→ **Required work**
Say how many lines in the data below contain the word "Testing", and give no other text.
[Records for the exercise Boundary: Start]
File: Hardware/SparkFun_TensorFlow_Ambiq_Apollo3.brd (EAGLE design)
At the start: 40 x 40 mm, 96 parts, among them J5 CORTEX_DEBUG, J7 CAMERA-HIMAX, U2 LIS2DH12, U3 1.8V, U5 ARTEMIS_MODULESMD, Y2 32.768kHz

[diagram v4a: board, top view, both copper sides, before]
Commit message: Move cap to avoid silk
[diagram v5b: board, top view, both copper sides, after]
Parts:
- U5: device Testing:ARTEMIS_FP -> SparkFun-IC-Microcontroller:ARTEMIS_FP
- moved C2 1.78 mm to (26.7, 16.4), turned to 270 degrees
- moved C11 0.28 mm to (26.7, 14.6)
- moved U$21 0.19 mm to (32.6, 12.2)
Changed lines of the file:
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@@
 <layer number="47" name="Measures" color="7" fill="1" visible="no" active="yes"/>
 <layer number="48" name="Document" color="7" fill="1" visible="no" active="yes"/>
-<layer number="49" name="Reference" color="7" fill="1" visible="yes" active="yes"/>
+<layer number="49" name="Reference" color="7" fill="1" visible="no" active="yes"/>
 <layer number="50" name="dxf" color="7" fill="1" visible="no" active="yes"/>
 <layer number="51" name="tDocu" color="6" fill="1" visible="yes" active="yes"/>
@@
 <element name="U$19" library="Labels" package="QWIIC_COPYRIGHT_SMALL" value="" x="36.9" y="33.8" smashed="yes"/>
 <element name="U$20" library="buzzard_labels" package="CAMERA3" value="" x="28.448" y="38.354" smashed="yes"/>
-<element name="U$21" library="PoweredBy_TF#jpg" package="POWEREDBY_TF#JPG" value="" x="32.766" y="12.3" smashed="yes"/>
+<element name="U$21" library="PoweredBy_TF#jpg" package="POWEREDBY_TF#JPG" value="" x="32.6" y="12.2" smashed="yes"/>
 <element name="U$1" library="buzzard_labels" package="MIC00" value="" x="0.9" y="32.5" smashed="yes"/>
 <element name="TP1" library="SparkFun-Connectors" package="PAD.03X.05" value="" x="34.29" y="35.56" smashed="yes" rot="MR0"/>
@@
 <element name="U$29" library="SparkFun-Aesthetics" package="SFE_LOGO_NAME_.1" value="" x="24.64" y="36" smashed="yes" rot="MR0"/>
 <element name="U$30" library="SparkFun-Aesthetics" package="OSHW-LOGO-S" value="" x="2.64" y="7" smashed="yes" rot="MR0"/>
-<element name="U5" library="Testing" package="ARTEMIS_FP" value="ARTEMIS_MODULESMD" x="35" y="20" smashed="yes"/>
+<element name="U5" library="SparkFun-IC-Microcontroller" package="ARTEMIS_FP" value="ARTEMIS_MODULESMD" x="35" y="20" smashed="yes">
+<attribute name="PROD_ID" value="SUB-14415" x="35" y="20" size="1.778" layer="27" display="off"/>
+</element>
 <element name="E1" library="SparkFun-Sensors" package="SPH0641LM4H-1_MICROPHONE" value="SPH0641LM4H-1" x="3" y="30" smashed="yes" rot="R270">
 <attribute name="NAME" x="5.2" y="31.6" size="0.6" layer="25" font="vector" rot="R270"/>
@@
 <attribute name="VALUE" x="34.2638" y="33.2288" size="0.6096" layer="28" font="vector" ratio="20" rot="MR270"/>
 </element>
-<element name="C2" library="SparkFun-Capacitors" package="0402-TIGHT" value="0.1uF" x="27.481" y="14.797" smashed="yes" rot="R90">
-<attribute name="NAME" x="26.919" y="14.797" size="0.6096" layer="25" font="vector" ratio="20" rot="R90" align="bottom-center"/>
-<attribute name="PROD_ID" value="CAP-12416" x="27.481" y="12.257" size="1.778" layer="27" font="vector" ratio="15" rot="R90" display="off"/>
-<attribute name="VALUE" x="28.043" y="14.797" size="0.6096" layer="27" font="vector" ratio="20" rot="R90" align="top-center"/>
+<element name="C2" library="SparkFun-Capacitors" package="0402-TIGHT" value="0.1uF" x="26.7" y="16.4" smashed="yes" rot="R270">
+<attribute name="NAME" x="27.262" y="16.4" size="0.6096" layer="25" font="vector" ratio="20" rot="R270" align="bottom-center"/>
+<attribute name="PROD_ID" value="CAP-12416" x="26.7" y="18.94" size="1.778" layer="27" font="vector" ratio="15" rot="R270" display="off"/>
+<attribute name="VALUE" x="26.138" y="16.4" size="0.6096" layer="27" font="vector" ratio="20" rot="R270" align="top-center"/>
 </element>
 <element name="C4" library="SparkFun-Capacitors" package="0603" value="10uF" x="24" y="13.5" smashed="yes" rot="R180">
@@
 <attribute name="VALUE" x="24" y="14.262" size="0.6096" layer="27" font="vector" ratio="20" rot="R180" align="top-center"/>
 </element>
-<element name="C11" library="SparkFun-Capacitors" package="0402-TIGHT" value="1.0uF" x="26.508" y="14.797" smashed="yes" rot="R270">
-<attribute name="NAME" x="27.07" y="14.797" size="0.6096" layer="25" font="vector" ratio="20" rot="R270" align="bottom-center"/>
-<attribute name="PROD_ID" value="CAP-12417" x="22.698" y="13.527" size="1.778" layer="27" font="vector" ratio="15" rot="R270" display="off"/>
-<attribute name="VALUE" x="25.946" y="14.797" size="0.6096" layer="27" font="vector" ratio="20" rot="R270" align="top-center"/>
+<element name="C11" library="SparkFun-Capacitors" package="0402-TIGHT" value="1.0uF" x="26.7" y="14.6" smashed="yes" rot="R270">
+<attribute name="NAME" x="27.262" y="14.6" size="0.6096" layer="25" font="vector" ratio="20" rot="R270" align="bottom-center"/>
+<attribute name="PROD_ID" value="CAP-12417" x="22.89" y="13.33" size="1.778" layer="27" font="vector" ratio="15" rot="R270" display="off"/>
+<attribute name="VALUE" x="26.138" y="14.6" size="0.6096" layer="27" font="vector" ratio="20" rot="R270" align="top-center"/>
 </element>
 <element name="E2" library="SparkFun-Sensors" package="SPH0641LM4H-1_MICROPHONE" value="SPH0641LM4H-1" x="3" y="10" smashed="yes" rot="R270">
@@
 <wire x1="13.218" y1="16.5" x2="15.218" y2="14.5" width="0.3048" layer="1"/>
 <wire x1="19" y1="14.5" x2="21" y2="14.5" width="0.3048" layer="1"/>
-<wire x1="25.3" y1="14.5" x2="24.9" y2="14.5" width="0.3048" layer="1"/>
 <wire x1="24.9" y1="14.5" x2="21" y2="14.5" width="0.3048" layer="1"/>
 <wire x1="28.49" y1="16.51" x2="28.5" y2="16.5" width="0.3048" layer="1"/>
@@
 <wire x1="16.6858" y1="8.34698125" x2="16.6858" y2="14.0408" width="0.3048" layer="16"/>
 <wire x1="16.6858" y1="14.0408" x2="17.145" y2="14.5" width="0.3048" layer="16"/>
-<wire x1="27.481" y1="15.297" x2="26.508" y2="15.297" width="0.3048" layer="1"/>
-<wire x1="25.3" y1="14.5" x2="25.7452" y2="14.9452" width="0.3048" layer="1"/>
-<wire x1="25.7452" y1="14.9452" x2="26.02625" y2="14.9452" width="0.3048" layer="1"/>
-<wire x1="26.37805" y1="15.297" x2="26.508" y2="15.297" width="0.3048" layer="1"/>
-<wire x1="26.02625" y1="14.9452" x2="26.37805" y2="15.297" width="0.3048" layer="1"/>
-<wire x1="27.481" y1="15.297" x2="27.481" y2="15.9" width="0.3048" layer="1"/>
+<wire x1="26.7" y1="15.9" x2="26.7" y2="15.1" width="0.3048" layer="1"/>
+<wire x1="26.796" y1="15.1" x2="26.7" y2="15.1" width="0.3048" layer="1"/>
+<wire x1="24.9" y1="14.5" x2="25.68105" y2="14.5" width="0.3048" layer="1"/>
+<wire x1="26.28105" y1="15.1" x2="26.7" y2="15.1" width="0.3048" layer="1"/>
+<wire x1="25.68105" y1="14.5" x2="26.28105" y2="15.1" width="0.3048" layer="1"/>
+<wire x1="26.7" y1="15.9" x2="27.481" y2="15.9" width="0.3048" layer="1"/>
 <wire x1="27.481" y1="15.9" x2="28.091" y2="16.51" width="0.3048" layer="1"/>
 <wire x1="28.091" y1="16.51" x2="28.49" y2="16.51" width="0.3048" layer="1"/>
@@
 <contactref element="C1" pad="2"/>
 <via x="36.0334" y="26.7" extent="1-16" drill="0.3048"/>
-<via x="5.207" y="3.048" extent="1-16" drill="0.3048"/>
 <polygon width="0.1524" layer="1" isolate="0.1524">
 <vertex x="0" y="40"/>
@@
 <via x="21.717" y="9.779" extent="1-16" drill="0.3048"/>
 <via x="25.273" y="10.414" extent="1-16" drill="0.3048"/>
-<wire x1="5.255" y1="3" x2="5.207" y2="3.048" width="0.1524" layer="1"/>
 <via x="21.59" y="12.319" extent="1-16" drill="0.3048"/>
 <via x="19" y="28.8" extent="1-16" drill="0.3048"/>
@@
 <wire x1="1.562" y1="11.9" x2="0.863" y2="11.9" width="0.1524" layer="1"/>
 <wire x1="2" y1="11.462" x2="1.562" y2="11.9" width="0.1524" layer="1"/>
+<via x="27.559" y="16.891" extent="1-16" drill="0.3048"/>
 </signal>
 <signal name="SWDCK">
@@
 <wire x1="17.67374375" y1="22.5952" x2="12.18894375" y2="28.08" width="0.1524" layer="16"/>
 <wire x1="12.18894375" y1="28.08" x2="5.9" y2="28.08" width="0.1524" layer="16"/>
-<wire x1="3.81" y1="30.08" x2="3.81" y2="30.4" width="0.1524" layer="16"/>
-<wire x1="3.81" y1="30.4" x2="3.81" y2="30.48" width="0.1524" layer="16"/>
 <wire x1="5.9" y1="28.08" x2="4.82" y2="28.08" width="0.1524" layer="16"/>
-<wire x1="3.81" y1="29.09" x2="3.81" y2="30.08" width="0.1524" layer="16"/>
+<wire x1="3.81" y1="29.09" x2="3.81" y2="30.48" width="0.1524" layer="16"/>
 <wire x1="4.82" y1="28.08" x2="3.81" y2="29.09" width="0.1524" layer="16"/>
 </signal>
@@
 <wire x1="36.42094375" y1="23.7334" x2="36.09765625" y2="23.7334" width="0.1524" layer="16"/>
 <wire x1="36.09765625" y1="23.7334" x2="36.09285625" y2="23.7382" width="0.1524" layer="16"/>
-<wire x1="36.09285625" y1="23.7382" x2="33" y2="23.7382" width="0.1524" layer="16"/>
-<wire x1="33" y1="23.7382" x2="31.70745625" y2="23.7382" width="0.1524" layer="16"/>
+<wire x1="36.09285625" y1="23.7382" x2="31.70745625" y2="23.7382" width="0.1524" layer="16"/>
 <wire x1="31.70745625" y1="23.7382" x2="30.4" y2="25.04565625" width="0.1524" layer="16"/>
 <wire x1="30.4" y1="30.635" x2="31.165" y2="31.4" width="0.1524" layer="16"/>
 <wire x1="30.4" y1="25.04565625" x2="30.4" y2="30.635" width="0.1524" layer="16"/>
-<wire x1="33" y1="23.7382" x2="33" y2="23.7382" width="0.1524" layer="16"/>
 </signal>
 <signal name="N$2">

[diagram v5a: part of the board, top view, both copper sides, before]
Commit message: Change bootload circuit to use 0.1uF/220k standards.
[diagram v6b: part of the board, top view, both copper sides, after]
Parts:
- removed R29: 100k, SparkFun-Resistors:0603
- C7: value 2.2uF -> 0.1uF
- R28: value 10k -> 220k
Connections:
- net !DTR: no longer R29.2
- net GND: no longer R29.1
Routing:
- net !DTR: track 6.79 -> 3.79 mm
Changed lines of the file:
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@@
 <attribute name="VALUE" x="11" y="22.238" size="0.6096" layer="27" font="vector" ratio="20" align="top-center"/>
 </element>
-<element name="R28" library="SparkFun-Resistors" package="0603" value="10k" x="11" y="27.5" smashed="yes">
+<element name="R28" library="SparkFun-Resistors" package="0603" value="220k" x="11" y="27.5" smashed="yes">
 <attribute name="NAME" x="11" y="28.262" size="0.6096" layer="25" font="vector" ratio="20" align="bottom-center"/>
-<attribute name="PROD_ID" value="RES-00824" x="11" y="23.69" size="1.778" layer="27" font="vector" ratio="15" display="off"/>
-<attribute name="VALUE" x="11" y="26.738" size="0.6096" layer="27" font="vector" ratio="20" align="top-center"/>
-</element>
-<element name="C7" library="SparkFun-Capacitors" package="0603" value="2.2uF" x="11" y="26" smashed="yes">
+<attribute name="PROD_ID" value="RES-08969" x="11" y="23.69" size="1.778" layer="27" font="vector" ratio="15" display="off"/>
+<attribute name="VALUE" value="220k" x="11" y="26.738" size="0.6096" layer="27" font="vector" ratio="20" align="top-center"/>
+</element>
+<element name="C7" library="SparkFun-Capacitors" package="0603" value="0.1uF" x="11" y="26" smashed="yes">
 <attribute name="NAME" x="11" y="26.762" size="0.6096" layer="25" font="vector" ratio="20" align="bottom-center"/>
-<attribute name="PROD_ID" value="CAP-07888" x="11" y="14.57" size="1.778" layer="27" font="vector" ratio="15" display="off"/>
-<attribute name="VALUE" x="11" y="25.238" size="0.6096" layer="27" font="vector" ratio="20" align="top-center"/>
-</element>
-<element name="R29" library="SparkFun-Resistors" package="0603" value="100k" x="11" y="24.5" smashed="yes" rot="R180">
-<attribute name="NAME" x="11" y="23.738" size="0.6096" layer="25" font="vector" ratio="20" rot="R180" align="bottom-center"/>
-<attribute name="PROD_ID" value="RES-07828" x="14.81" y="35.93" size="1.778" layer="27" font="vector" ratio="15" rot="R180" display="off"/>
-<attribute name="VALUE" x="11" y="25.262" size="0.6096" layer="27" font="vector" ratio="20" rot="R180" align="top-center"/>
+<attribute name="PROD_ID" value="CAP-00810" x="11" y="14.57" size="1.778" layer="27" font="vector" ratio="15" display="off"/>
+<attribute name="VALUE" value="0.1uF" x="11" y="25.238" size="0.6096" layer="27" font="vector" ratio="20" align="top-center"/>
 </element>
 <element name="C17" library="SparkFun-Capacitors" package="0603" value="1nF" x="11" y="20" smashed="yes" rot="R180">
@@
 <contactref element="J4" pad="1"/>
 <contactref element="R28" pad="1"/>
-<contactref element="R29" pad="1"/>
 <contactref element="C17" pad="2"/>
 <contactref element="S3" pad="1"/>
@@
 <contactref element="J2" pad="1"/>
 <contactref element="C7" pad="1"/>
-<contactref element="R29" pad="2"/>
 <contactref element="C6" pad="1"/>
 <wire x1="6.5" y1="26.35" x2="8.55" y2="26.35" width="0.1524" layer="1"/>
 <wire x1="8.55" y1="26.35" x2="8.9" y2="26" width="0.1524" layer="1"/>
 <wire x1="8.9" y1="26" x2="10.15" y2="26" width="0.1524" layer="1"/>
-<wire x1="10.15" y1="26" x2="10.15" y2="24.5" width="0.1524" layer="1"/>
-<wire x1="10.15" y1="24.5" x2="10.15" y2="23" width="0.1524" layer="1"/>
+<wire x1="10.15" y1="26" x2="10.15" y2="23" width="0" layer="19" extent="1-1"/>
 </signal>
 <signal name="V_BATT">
[Records for the exercise Boundary: End]
→ **Task output**
2